EXERCISE BRIEF: Output the span of lines from the one that contains "line L126 (-127, 4343.4) -> (-127, 4191)" through the end of the records, inclusive, exactly as written and free of pictures.
BEGIN EXTRACTED INFORMATION
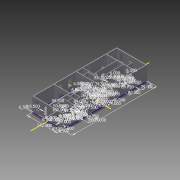
# Autodesk Inventor part: 2nd Floor
Saved by Autodesk Inventor 2013 SP2 (Build 170200200, 200)
## iProperties
Created: 2013-06-25
Part Number: 2nd Floor
Material: Generic
Document SubType Name: Modeling
Designer: Joey
Density: 1 g/cm^3
Author: Joey
Autodesk Inventor part; units mm, degrees
ref_plane "YZ Plane" through (0, 0, 0) normal (1, 0, 0) x (0, 1, 0)
ref_plane "XZ Plane" through (0, 0, 0) normal (0, 1, 0) x (-1, 0, 0)
ref_plane "XY Plane" through (0, 0, 0) normal (0, 0, 1) x (1, 0, 0)
sketch "Sketch1" plane through (0, 0, 0) normal (0, 1, 0) x (-1, 0, 0)
  line L0 (4302.76, 0) -> (-4302.76, 0) projected
  line L1 (0, -12001.5) -> (0, 12001.5) projected
  line L2 (3073.4, -8572.5) -> (-3073.4, -8572.5)
  line L3 (-3073.4, -8572.5) -> (-3073.4, 8572.5)
  line L4 (-3073.4, 8572.5) -> (3073.4, 8572.5)
  line L5 (3073.4, 8572.5) -> (3073.4, -8572.5)
  line L6 (2908.3, -8407.4) -> (-2908.3, -8407.4)
  line L7 (-2908.3, -8407.4) -> (-2908.3, 8407.4)
  line L8 (-2908.3, 5803.9) -> (-2908.3, 5918.2)
  line L9 (-2908.3, 8407.4) -> (-279.4, 8407.4)
  line L10 (-482.6, 8407.4) -> (2908.3, 8407.4)
  line L11 (2908.3, 8407.4) -> (2908.3, 4159.25)
  line L12 (2908.3, 4044.95) -> (2908.3, -8407.4)
  line L13 (-774.7, -292.1) -> (-774.7, -139.7)
  line L14 (2908.3, -139.7) -> (2908.3, -292.1)
  line L15 (961.4159, -292.1) -> (876.3, -292.1)
  line L16 (-514.35, -1485.9) -> (1289.2959, -1485.9)
  line L17 (2908.3, -1485.9) -> (2908.3, -1600.2)
  line L18 (806.45, -1600.2) -> (692.15, -1600.2)
  line L19 (692.15, -6248.4) -> (806.45, -6248.4)
  line L20 (692.15, -6248.4) -> (2908.3, -6248.4)
  line L21 (2908.3, -6248.4) -> (2908.3, -6400.8)
  line L22 (2908.3, -6400.8) -> (692.15, -6400.8)
  line L23 (692.15, -6400.8) -> (692.15, -6248.4)
  line L24 (-279.4, 4876.8) -> (-1993.9, 4876.8)
  line L25 (-2908.3, 4508.5) -> (-2908.3, 4394.2)
  line L26 (-2908.3, 2717.8) -> (-774.7, 2717.8)
  line L27 (-774.7, 2717.8) -> (-774.7, 2832.1)
  line L28 (-774.7, 2832.1) -> (-2908.3, 2832.1)
  line L29 (-2908.3, 2832.1) -> (-2908.3, 2717.8)
  line L30 (-774.7, -292.1) -> (-660.4, -292.1)
  line L31 (-2908.3, -1104.9) -> (-1504.95, -1104.9)
  line L32 (-1504.95, -1104.9) -> (-1504.95, -990.6)
  line L33 (-1504.95, -990.6) -> (-2908.3, -990.6)
  line L34 (-2908.3, -990.6) -> (-2908.3, -1104.9)
  line L35 (-2908.3, -1714.5) -> (-1504.95, -1714.5)
  line L36 (-1504.95, -1714.5) -> (-1504.95, -1600.2)
  line L37 (-1504.95, -1600.2) -> (-2908.3, -1600.2)
  line L38 (-2908.3, -1600.2) -> (-2908.3, -1714.5)
  line L39 (-2908.3, -139.7) -> (-2908.3, -292.1)
  line L40 (-774.7, -292.1) -> (-774.7, -139.7)
  line L41 (-514.35, -2616.2) -> (-514.35, -2730.5)
  line L42 (-2908.3, -2730.5) -> (-2908.3, -2616.2)
  line L43 (-514.35, -2616.2) -> (-628.65, -2616.2)
  line L44 (-628.65, -2616.2) -> (-628.65, -4235.45)
  line L45 (-628.65, -4235.45) -> (-514.35, -4235.45)
  line L46 (-514.35, -4235.45) -> (-514.35, -2616.2)
  line L47 (-514.35, -4235.45) -> (-2908.3, -4235.45)
  line L48 (-2908.3, -4235.45) -> (-2908.3, -4349.75)
  line L49 (-2908.3, -4349.75) -> (-514.35, -4349.75)
  line L50 (-514.35, -4349.75) -> (-514.35, -4235.45)
  line L51 (-514.35, -4349.75) -> (-628.65, -4349.75)
  line L52 (-628.65, -6248.4) -> (-514.35, -6248.4)
  line L53 (-514.35, -6248.4) -> (-2908.3, -6248.4)
  line L54 (-2908.3, -6248.4) -> (-2908.3, -6400.8)
  line L55 (-2908.3, -6400.8) -> (-514.35, -6400.8)
  line L56 (-514.35, -6400.8) -> (-514.35, -6248.4)
  line L57 (1670.05, -1600.2) -> (1555.75, -1600.2)
  line L58 (1555.75, -1600.2) -> (1555.75, -292.1)
  line L59 (1555.75, -292.1) -> (1670.05, -292.1)
  line L60 (1670.05, -292.1) -> (1670.05, -1600.2)
  line L61 (-2813.05, 5918.2) -> (-2908.3, 5918.2)
  line L62 (-2908.3, 8407.4) -> (-2813.05, 8407.4)
  line L63 (-660.4, 4762.5) -> (-774.7, 4762.5)
  line L64 (-774.7, 4762.5) -> (-774.7, 3625.85)
  line L65 (-774.7, 3625.85) -> (-660.4, 3625.85)
  line L66 (-660.4, 3625.85) -> (-660.4, 4762.5)
  line L67 (-514.35, -1485.9) -> (-514.35, -1600.2)
  line L68 (-1504.95, -292.1) -> (-1390.65, -292.1)
  line L69 (-1390.65, -292.1) -> (-1390.65, -2616.2)
  line L70 (-1390.65, -2616.2) -> (-1504.95, -2616.2)
  line L71 (-1504.95, -2616.2) -> (-1504.95, -292.1)
  line L72 (-2070.1, -292.1) -> (-1955.8, -292.1)
  line L73 (-1955.8, -292.1) -> (-1955.8, -1600.2)
  line L74 (-1955.8, -1600.2) -> (-2070.1, -1600.2)
  line L75 (-2070.1, -1600.2) -> (-2070.1, -292.1)
  line L76 (1555.75, -1320.8) -> (-514.35, -1320.8)
  line L77 (-514.35, -1320.8) -> (-514.35, -1206.5)
  line L78 (-514.35, -1206.5) -> (1555.75, -1206.5)
  line L79 (1555.75, -1206.5) -> (1555.75, -1320.8)
  line L80 (-514.35, -1206.5) -> (-400.05, -1206.5)
  line L81 (-400.05, -1206.5) -> (-400.05, -1600.2)
  line L82 (-400.05, -1600.2) -> (-514.35, -1600.2)
  line L83 (-514.35, -1600.2) -> (-514.35, -1206.5)
  line L84 (196.85, -139.7) -> (196.85, -292.1)
  line L85 (876.3, -139.7) -> (876.3, -292.1)
  line L86 (-2527.3, 8407.4) -> (-2413, 8407.4)
  line L87 (-2413, 8407.4) -> (-2413, 5918.2)
  line L88 (-2413, 5918.2) -> (-2527.3, 5918.2)
  line L89 (-2527.3, 5918.2) -> (-2527.3, 8407.4)
  line L90 (-774.7, -139.7) -> (196.85, -139.7)
  line L91 (876.3, -139.7) -> (2908.3, -139.7)
  line L92 (2908.3, -292.1) -> (876.3, -292.1)
  line L93 (196.85, -292.1) -> (-774.7, -292.1)
  line L94 (-514.35, -6248.4) -> (-311.15, -6248.4)
  line L95 (-311.15, -6248.4) -> (-311.15, -6400.8)
  line L96 (-311.15, -6400.8) -> (-514.35, -6400.8)
  line L97 (-514.35, -6400.8) -> (-514.35, -6248.4)
  line L98 (692.15, -6248.4) -> (488.95, -6248.4)
  line L99 (488.95, -6248.4) -> (488.95, -6400.8)
  line L100 (488.95, -6400.8) -> (692.15, -6400.8)
  line L101 (692.15, -6400.8) -> (692.15, -6248.4)
  line L102 (-774.7, -6400.8) -> (-660.4, -6400.8)
  line L103 (-1593.85, 5918.2) -> (-1657.35, 5918.2)
  line L104 (-1993.9, 4762.5) -> (-1879.6, 4762.5)
  line L105 (-660.4, 2832.1) -> (-660.4, 2870.2)
  line L106 (-660.4, 2870.2) -> (-774.7, 2870.2)
  line L107 (-774.7, 2870.2) -> (-774.7, 2832.1)
  line L108 (2908.3, 4159.25) -> (2908.3, 4044.95)
  line L109 (-127, 3956.05) -> (-279.4, 3956.05)
  line L110 (-279.4, 8407.4) -> (-127, 8407.4)
  line L111 (-1993.9, 3841.75) -> (-1993.9, 3956.05)
  line L112 (-1993.9, 5918.2) -> (-1879.6, 5918.2)
  line L113 (-1879.6, 4762.5) -> (-1993.9, 4762.5)
  line L114 (234.95, -1600.2) -> (349.25, -1600.2)
  line L115 (349.25, -1600.2) -> (349.25, -1905)
  line L116 (349.25, -1905) -> (234.95, -1905)
  line L117 (234.95, -1905) -> (234.95, -1600.2)
  line L118 (234.95, -1790.7) -> (692.15, -1790.7)
  line L119 (692.15, -1790.7) -> (692.15, -1905)
  line L120 (692.15, -1905) -> (234.95, -1905)
  line L121 (234.95, -1905) -> (234.95, -1790.7)
  line L122 (-127, 3956.05) -> (-127, 3841.75)
  line L123 (-127, 4191) -> (749.3, 4191)
  line L124 (749.3, 4191) -> (749.3, 4343.4)
  line L125 (749.3, 4343.4) -> (-127, 4343.4)
  line L126 (-127, 4343.4) -> (-127, 4191)
  line L127 (2032, 4191) -> (2908.3, 4191)
  line L128 (2908.3, 4191) -> (2908.3, 4343.4)
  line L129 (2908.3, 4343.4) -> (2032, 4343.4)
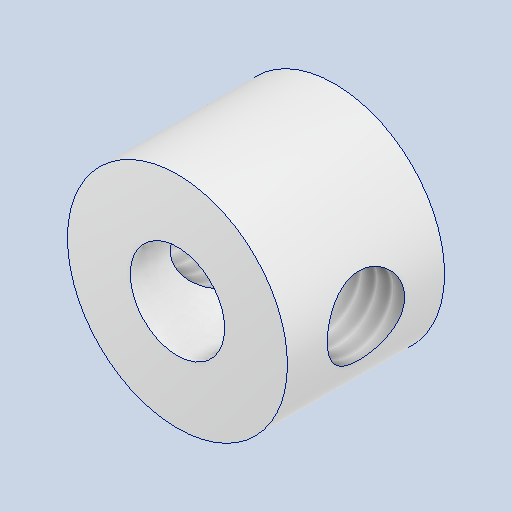
# Autodesk Inventor part: RD014_ストッパ
Saved by Autodesk Inventor 2022 (Build 260153000, 153)
## iProperties
Created: 2021-10-14
Part Number: RD014_ストッパ
Material: アルミニウム 6061
Document SubType Name: Modeling
Designer: gilte
Density: 2.7 g/cm^3
Appearance: アルミニウム - フラット
Author: gilte
Autodesk Inventor part; units mm, degrees
ref_plane "YZ Plane" through (0, 0, 0) normal (1, 0, 0) x (0, 1, 0)
ref_plane "XZ Plane" through (0, 0, 0) normal (0, 1, 0) x (-1, 0, 0)
ref_plane "XY Plane" through (0, 0, 0) normal (0, 0, 1) x (1, 0, 0)
sketch "スケッチ1" plane through (0, 0, 0) normal (0, 0, 1) x (1, 0, 0)
  circle A0 centre (0, 0) radius 3.5
  dimension "d0" = 7
  constraints: 1 centre point, 1 coincident
  measures "d0" diameter of A0
extrude "押し出し1" add sketch "スケッチ1" along normal blind 5
sketch "スケッチ2" plane through (0, 0, 5) normal (0, 0, 1) x (1, 0, 0)
  point P0 (0, 0)
hole "穴1" at (0, 0, 5) direction (0, 0, -1) diameter 3 end through all
sketch "スケッチ3" plane through (0, 0, 0) normal (1, 0, 0) x (0, 1, 0)
  line L0 (1.5, 0) -> (-1.5, 0) projected
  point P0 (0, 0)
  point P1 (0, 2.5)
  dimension "d10" = 2.5
  constraints: 1 vertical alignment
  measures "d10" distance from line of L0 point (0, 2.5)
hole "穴2" at (0, 0, 2.5) direction (-1, 0, 0) diameter 2.459 end through all thread size "M3x0.5" class "6H" standard "ANSI Metric M Profile"
sketch "スケッチ4" plane through (0, 0, 0) normal (1, 0, 0) x (0, 1, 0)
  line L0 (1.5, 0) -> (-1.5, 0) projected
  point P0 (0, 0)
  point P1 (0, 2.5)
  dimension "d18" = 2.5
  constraints: 1 vertical alignment
  measures "d18" distance from line of L0 point (0, 2.5)
hole "穴3" at (0, 0, 2.5) direction (1, 0, 0) diameter 2.459 end through all thread size "M3x0.5" class "6H" standard "ANSI Metric M Profile"
sketch "スケッチ5" plane through (0, 0, 0) normal (1, 0, 0) x (0, 1, 0)
  point P0 (0, 0)
END EXTRACTED INFORMATION
EXPECTED OUTPUT:
  line L126 (-127, 4343.4) -> (-127, 4191)
  line L127 (2032, 4191) -> (2908.3, 4191)
  line L128 (2908.3, 4191) -> (2908.3, 4343.4)
  line L129 (2908.3, 4343.4) -> (2032, 4343.4)
# Autodesk Inventor part: RD014_ストッパ
Saved by Autodesk Inventor 2022 (Build 260153000, 153)
## iProperties
Created: 2021-10-14
Part Number: RD014_ストッパ
Material: アルミニウム 6061
Document SubType Name: Modeling
Designer: gilte
Density: 2.7 g/cm^3
Appearance: アルミニウム - フラット
Author: gilte
Autodesk Inventor part; units mm, degrees
ref_plane "YZ Plane" through (0, 0, 0) normal (1, 0, 0) x (0, 1, 0)
ref_plane "XZ Plane" through (0, 0, 0) normal (0, 1, 0) x (-1, 0, 0)
ref_plane "XY Plane" through (0, 0, 0) normal (0, 0, 1) x (1, 0, 0)
sketch "スケッチ1" plane through (0, 0, 0) normal (0, 0, 1) x (1, 0, 0)
  circle A0 centre (0, 0) radius 3.5
  dimension "d0" = 7
  constraints: 1 centre point, 1 coincident
  measures "d0" diameter of A0
extrude "押し出し1" add sketch "スケッチ1" along normal blind 5
sketch "スケッチ2" plane through (0, 0, 5) normal (0, 0, 1) x (1, 0, 0)
  point P0 (0, 0)
hole "穴1" at (0, 0, 5) direction (0, 0, -1) diameter 3 end through all
sketch "スケッチ3" plane through (0, 0, 0) normal (1, 0, 0) x (0, 1, 0)
  line L0 (1.5, 0) -> (-1.5, 0) projected
  point P0 (0, 0)
  point P1 (0, 2.5)
  dimension "d10" = 2.5
  constraints: 1 vertical alignment
  measures "d10" distance from line of L0 point (0, 2.5)
hole "穴2" at (0, 0, 2.5) direction (-1, 0, 0) diameter 2.459 end through all thread size "M3x0.5" class "6H" standard "ANSI Metric M Profile"
sketch "スケッチ4" plane through (0, 0, 0) normal (1, 0, 0) x (0, 1, 0)
  line L0 (1.5, 0) -> (-1.5, 0) projected
  point P0 (0, 0)
  point P1 (0, 2.5)
  dimension "d18" = 2.5
  constraints: 1 vertical alignment
  measures "d18" distance from line of L0 point (0, 2.5)
hole "穴3" at (0, 0, 2.5) direction (1, 0, 0) diameter 2.459 end through all thread size "M3x0.5" class "6H" standard "ANSI Metric M Profile"
sketch "スケッチ5" plane through (0, 0, 0) normal (1, 0, 0) x (0, 1, 0)
  point P0 (0, 0)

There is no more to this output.